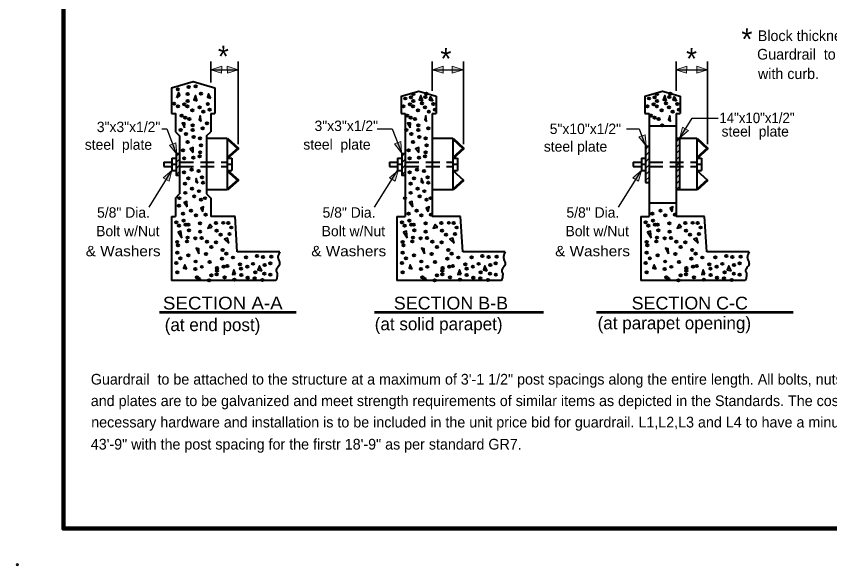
# Model space of a CAD drawing. Extents: x -8731 to 7724, y -66522 to -56618.
# Drawn here: x 6129 to 7011, y -66522 to -65926 of the extents above; entities that cross this region are included whole.
import ezdxf
from ezdxf.enums import TextEntityAlignment as Align

# ---------------------------------------------------------------- set-up
doc = ezdxf.new("R2010")
doc.units = 0
doc.header["$LTSCALE"] = 5
doc.header["$PDMODE"] = 32
doc.header["$PDSIZE"] = 2.5
doc.linetypes.add('MEDIUM_DASHED', pattern=[4.5, 3, -1.5])
doc.layers.add('1', color=7, linetype='Continuous', lineweight=13)
doc.layers.add('3', color=7, linetype='Continuous', lineweight=40)

msp = doc.modelspace()

# ---------------------------------------------------------------- hatches: boundary and pattern name
at = {"layer": '1'}
for points in [[(6339.86, -65984.52), (6351.72, -65980.6), (6351.62, -65987.98)], [(6369.66, -65984.5), (6357.8, -65980.6), (6357.9, -65987.96)], [(6580.1, -65984.5), (6591.94, -65980.6), (6591.86, -65987.96)], [(6613.42, -65984.5), (6601.54, -65980.6), (6601.64, -65987.96)], [(6843.84, -65984.5), (6855.7, -65980.6), (6855.6, -65987.96)], [(6878.42, -65984.5), (6866.54, -65980.6), (6866.64, -65987.96)], [(6848.18, -66058.26), (6857.54, -66050.18), (6851.22, -66046.52)], [(6811.72, -66066.9), (6803.9, -66057.16), (6810.86, -66054.68)], [(6302.98, -66075.64), (6295.16, -66065.9), (6302.12, -66063.42)], [(6546.72, -66074.4), (6538.9, -66064.64), (6545.86, -66062.16)], [(6297.82, -66093.36), (6288.44, -66101.42), (6294.76, -66105.1)], [(6542.82, -66093.36), (6533.44, -66101.42), (6539.76, -66105.1)], [(6806.56, -66093.36), (6797.18, -66101.42), (6803.5, -66105.1)]]:
    msp.add_hatch(color=256, dxfattribs=at).paths.add_polyline_path(points)

# ---------------------------------------------------------------- linework, layer by layer
at = {"layer": '1', "lineweight": 100}
msp.add_lwpolyline([(6180.24, -65463.56), (6180.24, -66481.48), (7671, -66481.48)], dxfattribs=at)
at = {"layer": '1'}
for points in [[(6339.86, -65984.52), (6351.72, -65980.6), (6351.62, -65987.98)], [(6369.66, -65984.5), (6357.8, -65980.6), (6357.9, -65987.96)], [(6580.1, -65984.5), (6591.94, -65980.6), (6591.86, -65987.96)], [(6613.42, -65984.5), (6601.54, -65980.6), (6601.64, -65987.96)], [(6843.84, -65984.5), (6855.7, -65980.6), (6855.6, -65987.96)], [(6878.42, -65984.5), (6866.54, -65980.6), (6866.64, -65987.96)], [(6848.18, -66058.26), (6857.54, -66050.18), (6851.22, -66046.52)], [(6811.72, -66066.9), (6803.9, -66057.16), (6810.86, -66054.68)], [(6302.98, -66075.64), (6295.16, -66065.9), (6302.12, -66063.42)], [(6546.72, -66074.4), (6538.9, -66064.64), (6545.86, -66062.16)], [(6297.82, -66093.36), (6288.44, -66101.42), (6294.76, -66105.1)], [(6542.82, -66093.36), (6533.44, -66101.42), (6539.76, -66105.1)], [(6806.56, -66093.36), (6797.18, -66101.42), (6803.5, -66105.1)]]:
    msp.add_lwpolyline(points, close=True, dxfattribs=at)
msp.add_point((6130.3, -66520.44), dxfattribs=at)
at = {"layer": '3', "lineweight": 35}
for p, q in [((6339.82, -65975.26), (6339.82, -65997.98)), ((6369.52, -65975.26), (6369.52, -66064.96)), ((6579.8, -65975.26), (6579.8, -66007.18)), ((6613.96, -65975.26), (6613.96, -66064.96)), ((6844.14, -65975.26), (6844.14, -66007.18)), ((6878.28, -65975.26), (6878.28, -66064.96)), ((6844.14, -66062.44), (6847.26, -66058.86)), ((6844.14, -66068.66), (6847.84, -66064.8)), ((6811.16, -66070.74), (6814.42, -66067.04)), ((6811.16, -66077.58), (6814.88, -66073.42)), ((6844.14, -66075.04), (6847.84, -66071.34)), ((6302.4, -66078.46), (6305.52, -66075.04)), ((6302.4, -66085), (6306.12, -66081.28)), ((6546.84, -66078.16), (6549.94, -66075.04)), ((6546.84, -66085.16), (6550.54, -66081.28)), ((6811.16, -66084.4), (6814.88, -66080.1)), ((6844.14, -66081.88), (6847.84, -66078.16)), ((6302.4, -66091.68), (6306.12, -66087.82)), ((6546.84, -66091.68), (6550.54, -66087.82)), ((6811.16, -66091.38), (6814.88, -66087.24)), ((6844.14, -66088.72), (6847.84, -66084.7)), ((6844.14, -66095.24), (6847.84, -66091.24)), ((6302.4, -66098.52), (6306.12, -66094.64)), ((6546.84, -66098.52), (6550.54, -66094.64)), ((6811.16, -66098.36), (6814.88, -66094.2)), ((6811.16, -66104.46), (6814.88, -66100.6)), ((6844.14, -66101.64), (6847.84, -66097.76)), ((6844.14, -66108.16), (6847.84, -66104.3)), ((6844.14, -66114.56), (6847.84, -66110.84))]:
    msp.add_line(p, q, dxfattribs=at)
at = {"layer": '3', "lineweight": 25}
for p, q in [((6339.82, -65984.46), (6369.52, -65984.46)), ((6579.8, -65984.46), (6613.96, -65984.46)), ((6844.14, -65984.46), (6878.28, -65984.46)), ((6286.82, -66048.32), (6292.16, -66048.32)), ((6292.16, -66048.32), (6302.4, -66075.04)), ((6520.26, -66048.32), (6536.58, -66048.32)), ((6536.58, -66048.32), (6546.84, -66075.04)), ((6790.38, -66048.32), (6804.04, -66048.32)), ((6804.04, -66048.32), (6811.16, -66067.04)), ((6273, -66133.26), (6297.8, -66093.32)), ((6517.42, -66133.26), (6542.22, -66093.32)), ((6781.76, -66133.26), (6806.56, -66093.32))]:
    msp.add_line(p, q, dxfattribs=at)
at = {"layer": '3'}
for p, q in [((6297.2, -66003.92), (6297.2, -66031.68)), ((6344.28, -66003.92), (6344.28, -66031.68)), ((6546.1, -66013.12), (6546.1, -66031.68)), ((6584.26, -66013.12), (6584.26, -66031.68)), ((6810.42, -66013.12), (6810.42, -66031.68)), ((6848.58, -66013.12), (6848.58, -66031.68)), ((6339.82, -66031.68), (6339.82, -66051.6)), ((6339.82, -66031.68), (6344.28, -66031.68)), ((6546.1, -66031.68), (6550.54, -66031.68)), ((6550.54, -66031.68), (6550.54, -66143.2)), ((6579.8, -66031.68), (6579.8, -66143.2)), ((6579.8, -66031.68), (6584.26, -66031.68)), ((6810.42, -66031.68), (6814.88, -66031.68)), ((6814.88, -66031.68), (6814.88, -66143.2)), ((6844.14, -66031.68), (6848.58, -66031.68)), ((6844.14, -66045.36), (6814.88, -66045.36)), ((6301.66, -66051.6), (6306.12, -66056.04)), ((6306.12, -66056.04), (6306.12, -66118.86)), ((6335.38, -66056.04), (6339.82, -66051.6)), ((6335.38, -66056.04), (6335.38, -66118.86)), ((6357.8, -66058.86), (6335.38, -66058.86)), ((6357.8, -66058.86), (6357.8, -66114.56)), ((6602.22, -66058.86), (6579.8, -66058.86)), ((6602.22, -66058.86), (6602.22, -66114.56)), ((6866.56, -66058.86), (6844.14, -66058.86)), ((6847.84, -66058.86), (6847.84, -66114.56)), ((6866.56, -66058.86), (6866.56, -66114.56)), ((6811.16, -66067.04), (6814.88, -66067.04)), ((6811.16, -66067.04), (6811.16, -66075.04)), ((6297.8, -66080.24), (6302.4, -66080.24)), ((6302.4, -66075.04), (6306.12, -66075.04)), ((6357.8, -66080.24), (6362.84, -66080.24)), ((6362.84, -66080.24), (6362.84, -66093.32)), ((6542.22, -66080.24), (6546.84, -66080.24)), ((6546.84, -66075.04), (6550.54, -66075.04)), ((6602.22, -66080.24), (6607.28, -66080.24)), ((6607.28, -66080.24), (6607.28, -66093.32)), ((6806.56, -66080.24), (6811.16, -66080.24)), ((6866.56, -66080.24), (6871.6, -66080.24)), ((6871.6, -66080.24), (6871.6, -66093.32)), ((6289.04, -66084.4), (6289.04, -66089.16)), ((6289.04, -66084.4), (6297.8, -66084.4)), ((6289.04, -66089.16), (6297.8, -66089.16)), ((6297.8, -66086.78), (6302.4, -66086.78)), ((6357.8, -66086.78), (6362.84, -66086.78)), ((6533.46, -66084.4), (6533.46, -66089.16)), ((6533.46, -66084.4), (6542.22, -66084.4)), ((6533.46, -66089.16), (6542.22, -66089.16)), ((6542.22, -66086.78), (6546.84, -66086.78)), ((6602.22, -66086.78), (6607.28, -66086.78)), ((6797.8, -66084.4), (6797.8, -66089.16)), ((6797.8, -66084.4), (6806.56, -66084.4)), ((6797.8, -66089.16), (6806.56, -66089.16)), ((6806.56, -66086.78), (6811.16, -66086.78)), ((6866.56, -66086.78), (6871.6, -66086.78)), ((6297.8, -66093.32), (6302.4, -66093.32)), ((6357.8, -66093.32), (6362.84, -66093.32)), ((6542.22, -66093.32), (6546.84, -66093.32)), ((6602.22, -66093.32), (6607.28, -66093.32)), ((6602.22, -66093.32), (6613.96, -66104)), ((6806.56, -66093.32), (6811.16, -66093.32)), ((6811.16, -66098.52), (6811.16, -66106.52)), ((6866.56, -66093.32), (6871.6, -66093.32)), ((6866.56, -66093.32), (6878.28, -66104)), ((6811.16, -66106.52), (6814.88, -66106.52)), ((6301.66, -66123.32), (6306.12, -66118.86)), ((6357.8, -66114.56), (6335.38, -66114.56)), ((6335.38, -66118.86), (6339.82, -66123.32)), ((6602.22, -66114.56), (6579.8, -66114.56)), ((6866.56, -66114.56), (6844.14, -66114.56)), ((6844.14, -66114.56), (6844.14, -66143.2)), ((6301.66, -66123.32), (6301.66, -66143.2)), ((6339.82, -66123.32), (6339.82, -66143.2)), ((6844.14, -66128.96), (6814.88, -66128.96)), ((6297.2, -66143.2), (6301.66, -66143.2)), ((6297.2, -66143.2), (6297.2, -66212.72)), ((6366.26, -66143.2), (6339.82, -66143.2)), ((6368.64, -66181.68), (6366.26, -66143.2)), ((6541.64, -66143.2), (6550.54, -66143.2)), ((6541.64, -66143.2), (6541.64, -66212.72)), ((6610.7, -66143.2), (6579.8, -66143.2)), ((6613.06, -66181.68), (6610.7, -66143.2)), ((6805.96, -66143.2), (6814.88, -66143.2)), ((6805.96, -66143.2), (6805.96, -66212.72)), ((6875.02, -66143.2), (6844.14, -66143.2)), ((6877.4, -66181.68), (6875.02, -66143.2)), ((6414.66, -66181.68), (6368.64, -66181.68)), ((6659.1, -66181.68), (6613.06, -66181.68)), ((6923.42, -66181.68), (6877.4, -66181.68)), ((6410.5, -66212.72), (6297.2, -66212.72)), ((6654.94, -66212.72), (6541.64, -66212.72)), ((6902.94, -66212.72), (6805.96, -66212.72)), ((6919.26, -66212.72), (6805.96, -66212.72))]:
    msp.add_line(p, q, dxfattribs=at)
at = {"layer": '3', "linetype": 'MEDIUM_DASHED'}
for p, q in [((6306.12, -66084.4), (6357.8, -66084.4)), ((6306.12, -66089.16), (6357.8, -66089.16)), ((6550.54, -66084.4), (6602.22, -66084.4)), ((6550.54, -66089.16), (6602.22, -66089.16)), ((6814.88, -66084.4), (6866.56, -66084.4)), ((6814.88, -66089.16), (6866.56, -66089.16))]:
    msp.add_line(p, q, dxfattribs=at)
at = {"layer": '3', "lineweight": 53}
for p, q in [((6613.96, -66104), (6602.22, -66114.56)), ((6878.28, -66104), (6866.56, -66114.56)), ((6432.34, -66247.32), (6284.28, -66247.32)), ((6700.68, -66247.32), (6517.28, -66247.32)), ((6971.1, -66247.32), (6758, -66247.32))]:
    msp.add_line(p, q, dxfattribs=at)
at = {"layer": '3'}
for points in [[(6297.2, -66003.92), (6320.82, -65997.08), (6344.28, -66003.92)], [(6546.1, -66013.12), (6565.26, -66007.64), (6584.26, -66013.12)], [(6810.42, -66013.12), (6829.58, -66007.64), (6848.58, -66013.12)], [(6297.2, -66031.68), (6301.66, -66031.68), (6301.66, -66051.6)], [(6844.14, -66031.68), (6844.14, -66058.86), (6844.14, -66114.56)], [(6297.8, -66080.24), (6297.8, -66086.78), (6297.8, -66093.32)], [(6302.4, -66075.04), (6302.4, -66086.78), (6302.4, -66098.52), (6306.12, -66098.52)], [(6542.22, -66080.24), (6542.22, -66086.78), (6542.22, -66093.32)], [(6546.84, -66075.04), (6546.84, -66086.78), (6546.84, -66098.52), (6550.54, -66098.52)], [(6806.56, -66080.24), (6806.56, -66086.78), (6806.56, -66093.32)], [(6811.16, -66075.04), (6811.16, -66086.78), (6811.16, -66098.52)]]:
    msp.add_lwpolyline(points, dxfattribs=at)
for points in [[(6303.14, -66014.76), (6305.22, -66008.82), (6306.12, -66012.24)], [(6325.12, -66017.88), (6323.18, -66012.24), (6321.42, -66016.84)], [(6339.82, -66015.06), (6337.3, -66010.44), (6336.26, -66014.02)], [(6569.56, -66017.88), (6567.62, -66012.24), (6565.84, -66016.84)], [(6833.88, -66017.88), (6831.96, -66012.24), (6830.18, -66016.84)], [(6580.4, -66018.32), (6576.82, -66017.28), (6577.86, -66013.72)], [(6844.72, -66018.32), (6841.16, -66017.28), (6842.2, -66013.72)], [(6329.28, -66040.3), (6328.54, -66034.2), (6327.34, -66038.68)], [(6573.7, -66040.3), (6572.98, -66034.2), (6571.78, -66038.68)], [(6838.04, -66040.3), (6837.3, -66034.2), (6836.1, -66038.68)], [(6311.46, -66047.12), (6311.76, -66042.08), (6308.78, -66042.24)], [(6555.9, -66047.12), (6556.18, -66042.08), (6553.22, -66042.24)], [(6320.82, -66074.16), (6320.96, -66068.66), (6317.4, -66069.84)], [(6565.26, -66074.16), (6565.4, -66068.66), (6561.82, -66069.84)], [(6325.86, -66107.28), (6323.94, -66102.22), (6323.5, -66105.8)], [(6570.3, -66107.28), (6568.36, -66102.22), (6567.92, -66105.8)], [(6314.28, -66132.68), (6313.84, -66127.02), (6311.02, -66128.22)], [(6558.72, -66132.68), (6558.26, -66127.02), (6555.44, -66128.22)], [(6331.22, -66137.86), (6332.1, -66132.82), (6328.98, -66134.44)], [(6575.64, -66137.86), (6576.54, -66132.82), (6573.42, -66134.44)], [(6839.98, -66137.86), (6840.86, -66132.82), (6837.74, -66134.44)], [(6341.46, -66154.8), (6338.78, -66151.98), (6336.56, -66155.98)], [(6585.9, -66154.8), (6583.22, -66151.98), (6580.98, -66155.98)], [(6850.22, -66154.8), (6847.54, -66151.98), (6845.32, -66155.98)], [(6308.5, -66166.52), (6307.6, -66159.4), (6304.48, -66160.44)], [(6552.92, -66166.52), (6552.02, -66159.4), (6548.9, -66160.44)], [(6817.26, -66166.52), (6816.36, -66159.4), (6813.24, -66160.44)], [(6359.42, -66172.32), (6357.94, -66166.96), (6354.68, -66167.86)], [(6603.86, -66172.32), (6602.38, -66166.96), (6599.1, -66167.86)], [(6868.18, -66172.32), (6866.7, -66166.96), (6863.44, -66167.86)], [(6327.06, -66183.6), (6326.9, -66178.26), (6323.94, -66177.66)], [(6571.48, -66183.6), (6571.34, -66178.26), (6568.36, -66177.66)], [(6835.82, -66183.6), (6835.66, -66178.26), (6832.7, -66177.66)], [(6313.84, -66199.94), (6311.62, -66195.64), (6310.42, -66199.2)], [(6395.06, -66202.16), (6392.54, -66196.82), (6390.9, -66201.12)], [(6558.26, -66199.94), (6556.04, -66195.64), (6554.86, -66199.2)], [(6639.5, -66202.16), (6636.98, -66196.82), (6635.34, -66201.12)], [(6822.6, -66199.94), (6820.38, -66195.64), (6819.18, -66199.2)], [(6903.82, -66202.16), (6901.3, -66196.82), (6899.66, -66201.12)], [(6366.7, -66205.88), (6364.92, -66200.98), (6363.3, -66206.18)], [(6611.14, -66205.88), (6609.34, -66200.98), (6607.72, -66206.18)], [(6875.46, -66205.88), (6873.68, -66200.98), (6872.06, -66206.18)]]:
    msp.add_lwpolyline(points, close=True, dxfattribs=at)
at = {"layer": '3', "lineweight": 25}
msp.add_lwpolyline([(6847.84, -66058.86), (6861.5, -66036.88), (6889.86, -66036.88)], dxfattribs=at)
at = {"layer": '3', "lineweight": 53}
for points in [[(6357.8, -66058.86), (6369.52, -66069.56), (6357.8, -66080.24)], [(6602.22, -66058.86), (6613.96, -66069.56), (6602.22, -66080.24)], [(6866.56, -66058.86), (6878.28, -66069.56), (6866.56, -66080.24)], [(6357.8, -66093.32), (6369.52, -66104), (6357.8, -66114.56)]]:
    msp.add_lwpolyline(points, dxfattribs=at)
at = {"layer": '3'}
for points in [[(6414.66, -66181.68), (6413.18, -66184.8), (6412.74, -66188.5), (6413.92, -66191.62), (6414.38, -66195.34), (6413.78, -66196.82), (6410.82, -66201.56), (6410.96, -66203.2), (6411.7, -66204.68), (6411.86, -66206.32), (6411.54, -66209.6), (6410.5, -66212.72)], [(6659.1, -66181.68), (6657.62, -66184.8), (6657.18, -66188.5), (6658.36, -66191.62), (6658.8, -66195.34), (6658.22, -66196.82), (6655.24, -66201.56), (6655.38, -66203.2), (6656.14, -66204.68), (6656.28, -66206.32), (6655.98, -66209.6), (6654.94, -66212.72)], [(6923.42, -66181.68), (6921.94, -66184.8), (6921.5, -66188.5), (6922.7, -66191.62), (6923.14, -66195.34), (6922.54, -66196.82), (6919.58, -66201.56), (6919.72, -66203.2), (6920.46, -66204.68), (6920.62, -66206.32), (6920.3, -66209.6), (6919.26, -66212.72)]]:
    msp.add_spline(points, degree=3, dxfattribs=at)
for p in [(6304.18, -66005.4), (6315.92, -66003.04), (6323.5, -66002.28), (6314.88, -66010.6), (6329.14, -66010.3), (6556.78, -66014.16), (6559.3, -66010.6), (6572.52, -66013.72), (6573.56, -66010.3), (6821.12, -66014.16), (6823.64, -66010.6), (6836.86, -66013.72), (6837.9, -66010.3), (6300.18, -66021.14), (6311.3, -66021.74), (6314.88, -66018.18), (6336.7, -66021.6), (6550.7, -66015.5), (6555.74, -66021.74), (6559.3, -66018.18), (6568.82, -66020.84), (6581.14, -66021.6), (6815.02, -66015.5), (6820.08, -66021.74), (6823.64, -66018.18), (6833.14, -66020.84), (6845.46, -66021.6), (6304.34, -66024.12), (6314.58, -66023.82), (6319.92, -66028.28), (6327.8, -66025.16), (6331.8, -66029.76), (6338.64, -66027.52), (6548.76, -66024.12), (6559.02, -66023.82), (6564.36, -66028.28), (6572.22, -66025.16), (6576.24, -66029.76), (6583.06, -66027.52), (6813.1, -66024.12), (6823.34, -66023.82), (6828.68, -66028.28), (6836.56, -66025.16), (6840.56, -66029.76), (6847.4, -66027.52), (6308.34, -66034.2), (6312.2, -66036.14), (6316.66, -66037.64), (6552.78, -66034.2), (6556.64, -66036.14), (6561.1, -66037.64), (6817.1, -66034.2), (6820.96, -66036.14), (6825.42, -66037.64), (6307.3, -66049.66), (6320.38, -66044.46), (6320.38, -66049.52), (6331.22, -66047.88), (6335.66, -66042.24), (6551.74, -66049.66), (6564.8, -66044.46), (6564.8, -66049.52), (6575.64, -66047.88), (6829.14, -66044.46), (6312.94, -66053.96), (6321.42, -66057.24), (6557.38, -66053.96), (6565.84, -66057.24), (6314.74, -66062.58), (6328.24, -66058.56), (6329.42, -66066.28), (6559.16, -66062.58), (6572.66, -66058.56), (6573.86, -66066.28), (6309.82, -66071.78), (6328.38, -66073.86), (6554.26, -66071.78), (6572.82, -66073.86), (6311.02, -66080.4), (6321.12, -66079.66), (6327.8, -66078.16), (6555.44, -66080.4), (6565.54, -66079.66), (6572.22, -66078.16), (6319.04, -66092.58), (6563.46, -66092.58), (6310.86, -66095.4), (6315.62, -66102.08), (6326.62, -66093.92), (6330.46, -66101.04), (6555.3, -66095.4), (6560.06, -66102.08), (6571.04, -66093.92), (6574.9, -66101.04), (6312.06, -66107.72), (6331.36, -66106.84), (6556.48, -66107.72), (6575.78, -66106.84), (6312.2, -66117.68), (6319.62, -66113.06), (6327.06, -66115.88), (6556.64, -66117.68), (6564.06, -66113.06), (6571.48, -66115.88), (6305.82, -66123.46), (6321.86, -66121.52), (6329.28, -66125.1), (6333.74, -66123.46), (6550.26, -66123.46), (6566.3, -66121.52), (6573.7, -66125.1), (6578.18, -66123.46), (6305.38, -66131.64), (6318.58, -66137.12), (6563.02, -66137.12), (6827.34, -66137.12), (6309.82, -66140.4), (6323.78, -66142.02), (6334.18, -66141.28), (6554.26, -66140.4), (6568.22, -66142.02), (6578.62, -66141.28), (6818.58, -66140.4), (6832.54, -66142.02), (6842.94, -66141.28), (6302.54, -66149.74), (6305.52, -66153.32), (6310.58, -66147.68), (6312.66, -66152.12), (6315.46, -66152.12), (6328.24, -66150.78), (6345.46, -66150.34), (6353.48, -66150.2), (6358.82, -66150.34), (6362.1, -66155.24), (6546.98, -66149.74), (6549.94, -66153.32), (6555, -66147.68), (6557.08, -66152.12), (6559.9, -66152.12), (6572.66, -66150.78), (6589.9, -66150.34), (6597.92, -66150.2), (6603.26, -66150.34), (6606.54, -66155.24), (6811.3, -66149.74), (6814.28, -66153.32), (6819.34, -66147.68), (6821.42, -66152.12), (6824.22, -66152.12), (6837, -66150.78), (6854.22, -66150.34), (6862.26, -66150.2), (6867.6, -66150.34), (6870.86, -66155.24), (6316.22, -66158.36), (6328.38, -66159.84), (6346.22, -66158.66), (6350.52, -66163.12), (6360.18, -66162.22), (6560.64, -66158.36), (6572.82, -66159.84), (6590.64, -66158.66), (6594.94, -66163.12), (6604.6, -66162.22), (6824.98, -66158.36), (6837.14, -66159.84), (6854.98, -66158.66), (6859.28, -66163.12), (6868.94, -66162.22), (6303.44, -66170.98), (6313.98, -66170.4), (6314.74, -66166.08), (6323.04, -66166.82), (6329.88, -66166.52), (6335.66, -66170.68), (6345.62, -66171.44), (6547.88, -66170.98), (6558.42, -66170.4), (6559.16, -66166.08), (6567.48, -66166.82), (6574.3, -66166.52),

---------------

Above are the records; report each line in them that includes the word "Continuous".

Response box –
doc.layers.add('1', color=7, linetype='Continuous', lineweight=13)
doc.layers.add('3', color=7, linetype='Continuous', lineweight=40)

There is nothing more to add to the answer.